Als erste Anlaufstelle für alle Fragen rund um KNX eignet sich die Homepage der KNX Association [2]. Die Webseite liefert Einsteigern und Fortgeschrittenen viel Wissen rund um den Standard. Eine weitere gute Informationsquelle ist der Youtube-Kanal [3] der KNX Association. Darin finden sich gut strukturierte Videos zu vielen Themen. Als Einstieg in das Thema KNX und ETS eignet sich die Videoserie von Torben Ledermann [4]. ETS ist die Software für die Entwicklung von KNX-Projekten.

Home Assistant

Home Assistant [5] ist ein Open-Source-Projekt, mit dem Sie eine flexible Smart-Home-Lösung inklusive Visualisierung selbst aufbauen können. Das Projekt legt großen Wert auf Sicherheit und den cloudfreien Betrieb. Home Assistant kommt mit über 3000 Diensten und Produkten zurecht, eine Übersicht dazu findet sich auf der Homepage [6]. Sie alle kommunizieren über Home Assistant miteinander.

Mittlerweile läuft Home Assistant auf fast 400 000 Rechnern. In der Statistik [7] erscheinen allerdings nur die Systeme, deren Besitzer der Auswertung zugestimmt haben. Damit dürfte die reale Verbreitung von Home Assistant erheblich höher ausfallen. Support für Home Assistant gewährleistet eine weltweite Entwickler-Community. Für die mobile Bedienung gibt es in den entsprechenden Stores eine App.

Installation

Auf der Homepage von Home Assistant finden Sie Installationsanleitungen [8] für verschiedene Betriebssysteme und Single-Board-Computer. Suchen Sie die zu Ihren Anforderungen passende Variante heraus, und arbeiten Sie sie Schritt für Schritt ab, um Ihr System aufzubauen.

Die meisten Varianten verwenden eine vorinstallierte virtuelle Maschine. Wir haben uns an dieser Stelle für die Linux-Variante auf Virtualbox entschieden. Die virtuelle Maschine kommt mit 2 GByte RAM, 32 GByte Festplattenplatz und 2 virtuellen CPUs aus. Nach dem Start der VM ist der Browserzugriff auf die Benutzeroberfläche von Home Assistant aktiv. Dabei kommt der Port 8123 für die Kommunikation zum Einsatz.

Hat alles geklappt, sehen Sie die Einstiegsseite (Abbildung 1). Mit einem Klick auf MEIN SMARTHOME ERSTELLEN starten Sie den Assistenten für die Basiseinrichtung. Hier legen Sie zum Beispiel ein Benutzerkonto zur Verwaltung an. Der Wizard fragt zudem einige allgemeine Informationen zur Installation ab. Ist das erledigt, landen Sie auf dem Dashboard der Home-Assistant-Umgebung.

Abbildung 1: Einstiegsseite einer neuen Installation von Home Assistant.

Abbildung 1: Einstiegsseite einer neuen Installation von Home Assistant.

Home Assistant verstehen

Bevor Sie sich mit der Verbindung zu KNX auseinandersetzen, sollten Sie sich mit den Grundlagen von Home Assistant beschäftigen. Als zentrale Komponente dient das Dashboard (Abbildung 2), das alle wichtigen Informationen zusammenfasst. Auf der linken Seite befindet sich der Navigationsbereich. Um alle Möglichkeiten von Home Assistant nutzen zu können, sollten Sie immer den erweiterten Modus aktivieren. Dazu klicken Sie unten links auf Ihren Benutzernamen und aktivieren danach den Schiebeschalter neben Erweiterter Modus.

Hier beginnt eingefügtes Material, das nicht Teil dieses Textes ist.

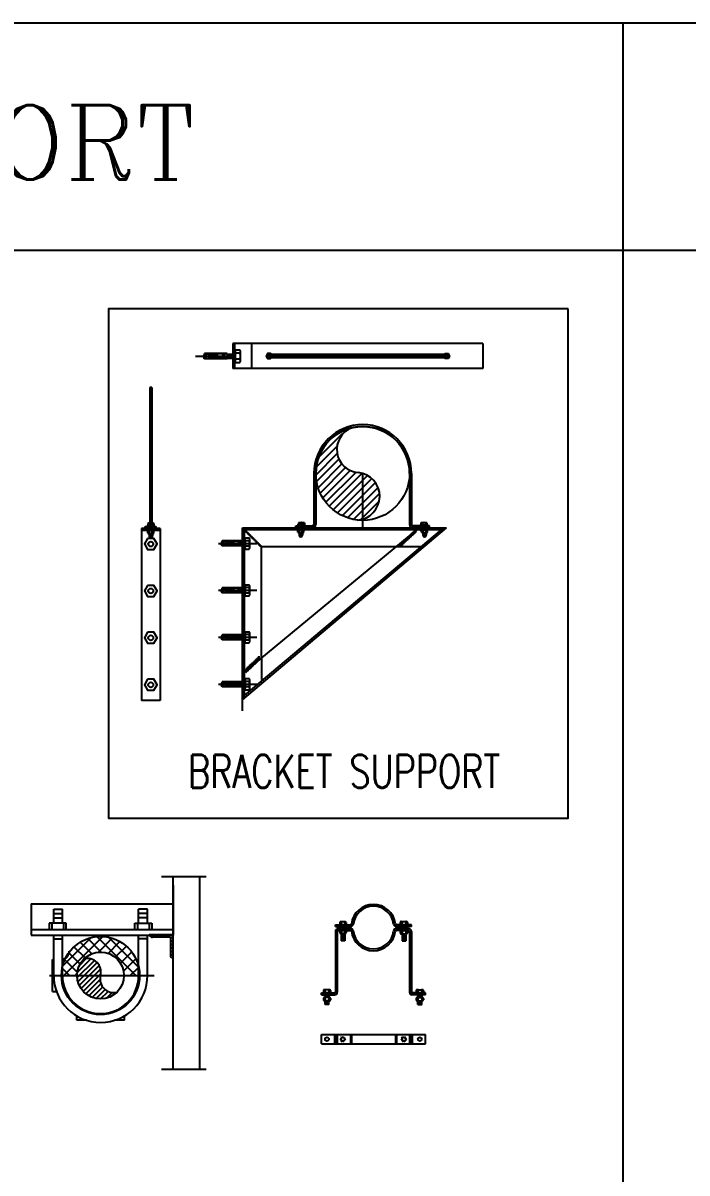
# Model space of a CAD drawing. Extents: x 462150 to 584251, y 35809 to 87318.
# Drawn here: x 522910 to 525034, y 61889 to 65566 of the extents above; entities that cross this region are included whole.
import ezdxf

# ---------------------------------------------------------------- set-up
doc = ezdxf.new("R2010")
doc.units = 0
doc.header["$LTSCALE"] = 500
doc.header["$MEASUREMENT"] = 0
for name, pattern in [('ACAD_ISO02W100', [15, 12, -3]), ('CENTER', [2, 1.25, -0.25, 0.25, -0.25]), ('DASHDOT2', [12.7, 6.35, -3.175, 0, -3.175]), ('HIDDEN', [0.375, 0.25, -0.125]), ('HIDDEN2', [4.7625, 3.175, -1.5875])]:
    doc.linetypes.add(name, pattern=pattern)
for name, color, linetype in [('_M_SUPPORT_A', 7, 'Continuous'), ('arch', 8, 'Continuous'), ('CENTER', 7, 'CENTER'), ('CHWS', 5, 'Continuous'), ('CK_LEVEL_10', 7, 'Continuous'), ('CUTT', 2, 'Continuous'), ('DIM', 2, 'Continuous'), ('DIMENSION', 150, 'Continuous'), ('FIT', 6, 'Continuous'), ('fixed bracket', 2, 'Continuous'), ('KHALED', 2, 'Continuous'), ('M-FITING', 1, 'Continuous'), ('MNUTS', 2, 'Continuous'), ('PL-W-TEXT', 7, 'Continuous'), ('SEC-SUP', 8, 'Continuous'), ('Sec_LW-CW', 6, 'Continuous'), ('STEM-L', 6, 'Continuous'), ('TXT', 2, 'Continuous'), ('W-TEXT', 2, 'Continuous'), ('wall bracket', 2, 'Continuous'), ('WATER-SUPPORT', 131, 'Continuous')]:
    doc.layers.add(name, color=color, linetype=linetype)
doc.styles.add('FF-LOOP', font='romanc.shx', dxfattribs={"height": 2})
doc.styles.add('SIMPLEX', font='SIMPLEX.SHX')
pattern_1 = [(45, (503517.9387, 102398.2394), (-2.65165043, 2.65165043), [])]
pattern_2 = [(45, (503856.9493, 102398.2394), (-1.76776695, 1.76776695), [])]

# ---------------------------------------------------------------- blocks, each defined once
blk = doc.blocks.new('MA')
at = {"layer": 'fixed bracket', "linetype": 'HIDDEN', "lineweight": -3}
for p, q in [((-90.5, 38.8), (-94.1, 29.9)), ((-17.6, 38.8), (-90.5, 38.8)), ((6, 51.1), (6, 8.6)), ((7.4, 51.1), (6, 51.1)), ((7.4, 29.9), (7.4, 51.1)), ((7.4, 15), (7.4, 44.7)), ((9.7, 49.7), (22.2, 49.7)), ((22.2, 39.8), (9.7, 39.8)), ((24.5, 15), (24.5, 44.7)), ((-90.5, 20.9), (-94.1, 29.9)), ((-17.7, 20.9), (-90.5, 20.9)), ((-17.7, 23.8), (6, 23.8)), ((-17.6, 35.9), (6, 35.9)), ((-17.6, 27.2), (-17, 35.9)), ((-16.3, 23.8), (-15.4, 35.9)), ((-16.3, 23.8), (-15.4, 35.9)), ((-14.6, 23.9), (-13.8, 35.9)), ((-13, 23.9), (-12.1, 35.9)), ((-13, 23.9), (-12.1, 35.9)), ((-11.4, 23.8), (-10.5, 35.9)), ((-9.8, 23.8), (-8.9, 35.9)), ((-9.8, 23.8), (-8.9, 35.9)), ((-8.1, 23.9), (-7.2, 36)), ((-6.5, 23.9), (-5.6, 36)), ((-6.5, 23.9), (-5.6, 36)), ((-4.9, 23.9), (-4, 36)), ((-3, 23.9), (-2.2, 36)), ((-1.4, 23.9), (-0.5, 36)), ((0.3, 23.9), (1.1, 36)), ((1.9, 23.9), (2.8, 36)), ((3.9, 23.9), (4.8, 36)), ((3.9, 23.9), (4.8, 36)), ((5.6, 24), (6, 30)), ((7.4, 8.6), (6, 8.6)), ((7.4, 29.9), (7.4, 8.6)), ((22.2, 20), (9.7, 20)), ((9.7, 10.1), (22.2, 10.1))]:
    blk.add_line(p, q, dxfattribs=at)
at = {"layer": 'fixed bracket', "linetype": 'HIDDEN'}
for p, q in [((-91.9, 36), (-90.4, 37.5)), ((-90.4, 22.2), (-90.4, 37.5)), ((-85.8, 37.5), (-90.4, 37.5)), ((-85.8, 37.5), (-73.2, 35.2)), ((-85.8, 37.5), (-85.8, 22.2)), ((-50.3, 37.5), (-50.3, 22.2)), ((-35.3, 37.5), (-50.3, 37.5)), ((-17.6, 37.5), (-35.3, 37.5)), ((-17.6, 37.5), (-17.6, 22.2)), ((-119.3, 30), (27.9, 30)), ((-91.9, 36), (-91.9, 23.7)), ((-91.9, 23.7), (-90.4, 22.2)), ((-85.8, 22.2), (-90.4, 22.2)), ((-85.8, 22.2), (-73.2, 24.5)), ((-50.3, 36.8), (-78.2, 36.8)), ((-78.2, 36.8), (-78.2, 36.2)), ((-78.2, 31.5), (-78.2, 28.2)), ((-78.2, 23.6), (-78.2, 23)), ((-50.3, 23), (-78.2, 23)), ((-77.2, 31.7), (-77.2, 28)), ((-75.6, 32.2), (-76.7, 32.2)), ((-75.6, 27.6), (-76.7, 27.6)), ((-75.6, 32.2), (-75.6, 27.6)), ((-55.5, 35.2), (-73.2, 35.2)), ((-56.9, 34.1), (-73.2, 34.1)), ((-56.9, 25.6), (-73.2, 25.6)), ((-53.2, 33.7), (-53.2, 26)), ((-50.3, 35.2), (-52.4, 35.2)), ((-50.3, 24.5), (-52.4, 24.5)), ((-50.3, 34.1), (-51.1, 34.1)), ((-50.3, 25.6), (-51.1, 25.6)), ((-35.3, 22.2), (-50.3, 22.2)), ((-17.7, 22.2), (-35.3, 22.2))]:
    blk.add_line(p, q, dxfattribs=at)
at = {"layer": 'fixed bracket'}
for p, q in [((800, 70), (0, 70)), ((0, 70), (0, -10)), ((6, 70), (6, -10)), ((800, 70), (800, -10)), ((800, 70), (800, -10)), ((683.9, 34.9, 0), (116.2, 34.9)), ((683.9, 24.9, 0), (116.2, 24.9)), ((800, -10), (0, -10))]:
    blk.add_line(p, q, dxfattribs=at)
at = {"layer": 'fixed bracket', "linetype": 'HIDDEN', "ltscale": 20}
blk.add_line((60, 70), (60, -10), dxfattribs=at)
at = {"layer": 'fixed bracket', "linetype": 'DASHDOT2'}
blk.add_line((683.9, 29.9, 0), (116.2, 29.9), dxfattribs=at)
at = {"layer": 'fixed bracket'}
for points in [[(122.3, 34.9), (120.5, 37.9), (111.3, 37.9), (106.7, 29.9), (111.3, 21.9), (120.5, 21.9), (122.3, 24.9)], [(677.7, 34.9), (679.5, 37.9), (688.7, 37.9), (693.3, 29.9), (688.7, 21.9), (679.5, 21.9), (677.7, 24.9)]]:
    blk.add_lwpolyline(points, dxfattribs=at)
at = {"layer": 'fixed bracket', "linetype": 'HIDDEN'}
blk.add_lwpolyline([(-51.5, 29.9), (-51.6, 29.2), (-51.7, 28.8), (-51.9, 28.5), (-52.1, 28.1), (-52.3, 27.9), (-52.5, 27.8), (-52.7, 27.7), (-53, 27.6), (-53.2, 27.6), (-53.5, 27.6), (-53.7, 27.7), (-54, 27.8), (-54.2, 28), (-54.4, 28.2), (-54.6, 28.5), (-54.7, 28.9), (-54.8, 29.2), (-54.9, 29.5), (-54.9, 29.9), (-54.9, 29.9), (-54.8, 30.5), (-54.7, 30.9), (-54.6, 31.3), (-54.3, 31.6), (-54.2, 31.8), (-54, 31.9), (-53.8, 32), (-53.5, 32.1), (-53.2, 32.2), (-52.9, 32.1), (-52.7, 32.1), (-52.5, 31.9), (-52.3, 31.8), (-52, 31.5), (-51.9, 31.2), (-51.7, 30.9), (-51.6, 30.5), (-51.6, 30.2), (-51.5, 29.9)], dxfattribs=at)
at = {"layer": 'fixed bracket', "linetype": 'HIDDEN2'}
for points in [[(122.3, 24.9), (125.1, 29.9), (122.3, 34.9)], [(677.7, 24.9), (674.9, 29.9), (677.7, 34.9)]]:
    blk.add_lwpolyline(points, dxfattribs=at)
at = {"layer": 'fixed bracket', "linetype": 'HIDDEN'}
for centre, radius, start, end in [((-29.2, 47.4), 11.7, 237.7988, 302.2012), ((-72.8, 27.1), 6.98, 92.6383, 140.4918), ((-72.8, 32.6), 6.98, 219.5082, 267.3617), ((-76.7, 31.7), 0.46, 90, 180), ((-76.7, 28), 0.46, 180, 270), ((-56.9, 35.4), 1.34, 270, 90), ((-56.9, 24.3), 1.34, 270, 90), ((-51.1, 35.4), 1.34, 90, 270), ((-51.1, 24.3), 1.34, 90, 270), ((-29.2, 12.3), 11.7, 57.7839, 122.2161)]:
    blk.add_arc(centre, radius, start, end, dxfattribs=at)
at = {"layer": 'fixed bracket', "linetype": 'HIDDEN', "lineweight": -3}
for centre, radius, start, end in [((13.8, 44.7), 6.41, 129.4241, 230.5759), ((29.5, 29.9), 22.1, 153.4184, 206.5816), ((18.1, 44.7), 6.41, 309.4241, 50.5759), ((2.4, 29.9), 22.1, 333.4184, 26.5816), ((13.8, 15), 6.41, 129.4241, 230.5759), ((18.1, 15), 6.41, 309.4241, 50.5759)]:
    blk.add_arc(centre, radius, start, end, dxfattribs=at)
at = {"layer": 'fixed bracket'}
for centre, start, end in [((116.1, 29.9), 90, 270), ((683.9, 29.9), 270, 90)]:
    blk.add_arc(centre, 5, start, end, dxfattribs=at)
blk = doc.blocks.new('gfdgfd')
at = {"layer": 'CK_LEVEL_10', "color": 7, "linetype": 'Continuous'}
for p, q in [((28690.4, 12454.8, 0), (28691.8, 12456.2, 0)), ((28690.4, 12454.8, 0), (28690.4, 12443.8, 0)), ((28690.4, 12443.8, 0), (28691.8, 12442.4, 0)), ((28691.8, 12442.4, 0), (28691.8, 12456.2, 0)), ((28695.9, 12456.2, 0), (28691.8, 12456.2, 0)), ((28695.9, 12442.4, 0), (28691.8, 12442.4, 0)), ((28695.9, 12456.2, 0), (28707.2, 12454.1, 0)), ((28695.9, 12456.2, 0), (28695.9, 12442.4, 0)), ((28695.9, 12442.4, 0), (28707.2, 12444.5, 0)), ((28727.8, 12455.5, 0), (28702.7, 12455.5, 0)), ((28702.7, 12455.5, 0), (28702.7, 12455, 0)), ((28702.7, 12450.8, 0), (28702.7, 12447.8, 0)), ((28702.7, 12443.6, 0), (28702.7, 12443.1, 0)), ((28727.8, 12443.1, 0), (28702.7, 12443.1, 0)), ((28703.6, 12451, 0), (28703.6, 12447.6, 0)), ((28705, 12451.4, 0), (28704, 12451.4, 0)), ((28705, 12447.2, 0), (28704, 12447.2, 0)), ((28705, 12451.4, 0), (28705, 12447.2, 0)), ((28723.1, 12454.1, 0), (28707.2, 12454.1, 0)), ((28721.9, 12453.1, 0), (28707.2, 12453.1, 0)), ((28721.9, 12445.5, 0), (28707.2, 12445.5, 0)), ((28727.8, 12454.1, 0), (28725.9, 12454.1, 0)), ((28727.8, 12444.5, 0), (28725.9, 12444.5, 0)), ((28727.8, 12453.1, 0), (28727, 12453.1, 0)), ((28727.8, 12445.5, 0), (28727, 12445.5, 0)), ((28727.8, 12456.2, 0), (28727.8, 12442.4, 0)), ((28741.3, 12456.2, 0), (28727.8, 12456.2, 0)), ((28741.3, 12442.4, 0), (28727.8, 12442.4, 0)), ((28757.1, 12456.2, 0), (28741.3, 12456.2, 0)), ((28757.1, 12442.4, 0), (28741.3, 12442.4, 0)), ((28757.1, 12456.2, 0), (28757.1, 12442.4, 0))]:
    blk.add_line(p, q, dxfattribs=at)
at = {"layer": 'CK_LEVEL_10', "color": 3, "linetype": 'DASHDOT2'}
blk.add_line((28725.2, 12452.7, 0), (28725.2, 12445.8, 0), dxfattribs=at)
at = {"layer": 'CK_LEVEL_10', "color": 7, "linetype": 'Continuous'}
blk.add_lwpolyline([(28726.7, 12449.3), (28726.6, 12448.7), (28726.5, 12448.4), (28726.4, 12448), (28726.2, 12447.8), (28726, 12447.6), (28725.8, 12447.4), (28725.6, 12447.3), (28725.4, 12447.3), (28725.1, 12447.2), (28724.9, 12447.3), (28724.7, 12447.3), (28724.5, 12447.4), (28724.3, 12447.6), (28724.1, 12447.8), (28723.9, 12448.1), (28723.8, 12448.4), (28723.7, 12448.7), (28723.7, 12449), (28723.6, 12449.3), (28723.6, 12449.3), (28723.7, 12449.9), (28723.8, 12450.2), (28723.9, 12450.6), (28724.1, 12450.8), (28724.3, 12451), (28724.5, 12451.2), (28724.7, 12451.3), (28724.9, 12451.3), (28725.2, 12451.4), (28725.4, 12451.3), (28725.6, 12451.3), (28725.8, 12451.1), (28726, 12451), (28726.2, 12450.8), (28726.4, 12450.5), (28726.5, 12450.2), (28726.6, 12449.9), (28726.7, 12449.6), (28726.7, 12449.3)], dxfattribs=at)
for centre, radius, start, end in [((28707.5, 12446.8, 0), 6.27, 92.6383, 140.4918), ((28707.5, 12451.8, 0), 6.27, 219.5082, 267.3617), ((28704, 12451, 0), 0.414, 90, 180), ((28704, 12447.6, 0), 0.414, 180, 270), ((28721.9, 12454.3, 0), 1.21, 270, 90), ((28721.9, 12444.3, 0), 1.21, 270, 90), ((28727, 12454.3, 0), 1.21, 90, 270), ((28727, 12444.3, 0), 1.21, 90, 270)]:
    blk.add_arc(centre, radius, start, end, dxfattribs=at)
at = {"layer": 'CK_LEVEL_10', "color": 3, "linetype": 'Continuous'}
for centre, start, end in [((28746.8, 12465.1, 0), 237.7988, 302.2012), ((28746.8, 12433.5, 0), 57.7839, 122.2161)]:
    blk.add_arc(centre, 10.5, start, end, dxfattribs=at)
at = {"layer": 'DIMENSION', "color": 7}
for p, q in [((28763.1, 12449.3, 0), (28714.6, 12449.3, 0)), ((28756.2, 12449.4, 0), (28763.1, 12449.4, 0))]:
    blk.add_line(p, q, dxfattribs=at)
at = {"layer": 'FIT', "linetype": 'DASHDOT2'}
blk.add_line((28680.3, 12449.4, 0), (28802.9, 12449.4, 0), dxfattribs=at)
at = {"layer": 'MNUTS', "color": 7, "lineweight": -3}
for p, q in [((28763.1, 12468.4, 0), (28763.1, 12430.2, 0)), ((28764.4, 12468.4, 0), (28763.1, 12468.4, 0)), ((28764.4, 12430.2, 0), (28763.1, 12430.2, 0))]:
    blk.add_line(p, q, dxfattribs=at)
at = {"layer": 'MNUTS', "color": 7, "linetype": 'ACAD_ISO02W100', "lineweight": -3}
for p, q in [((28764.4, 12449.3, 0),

Abbildung 2: Das Dashboard ist die zentrale Komponente von Home Assistant.

Abbildung 2: Das Dashboard ist die zentrale Komponente von Home Assistant.

Alle in Home Assistant vorhandenen Dienste und Produkte nennt man Integrations. Die Integrations erzeugen Geräte, die ihrerseits eine oder mehrere Entitäten bereitstellen. Dieser Prozess funktioniert meist vollautomatisch. Alle im lokalen Netz vorhandenen Geräte werden automatisch gefunden und brauchen nur noch eine Konfiguration. In der Benutzeroberfläche definieren Sie Bereiche, denen Sie die Geräte/Entitäten zuordnen.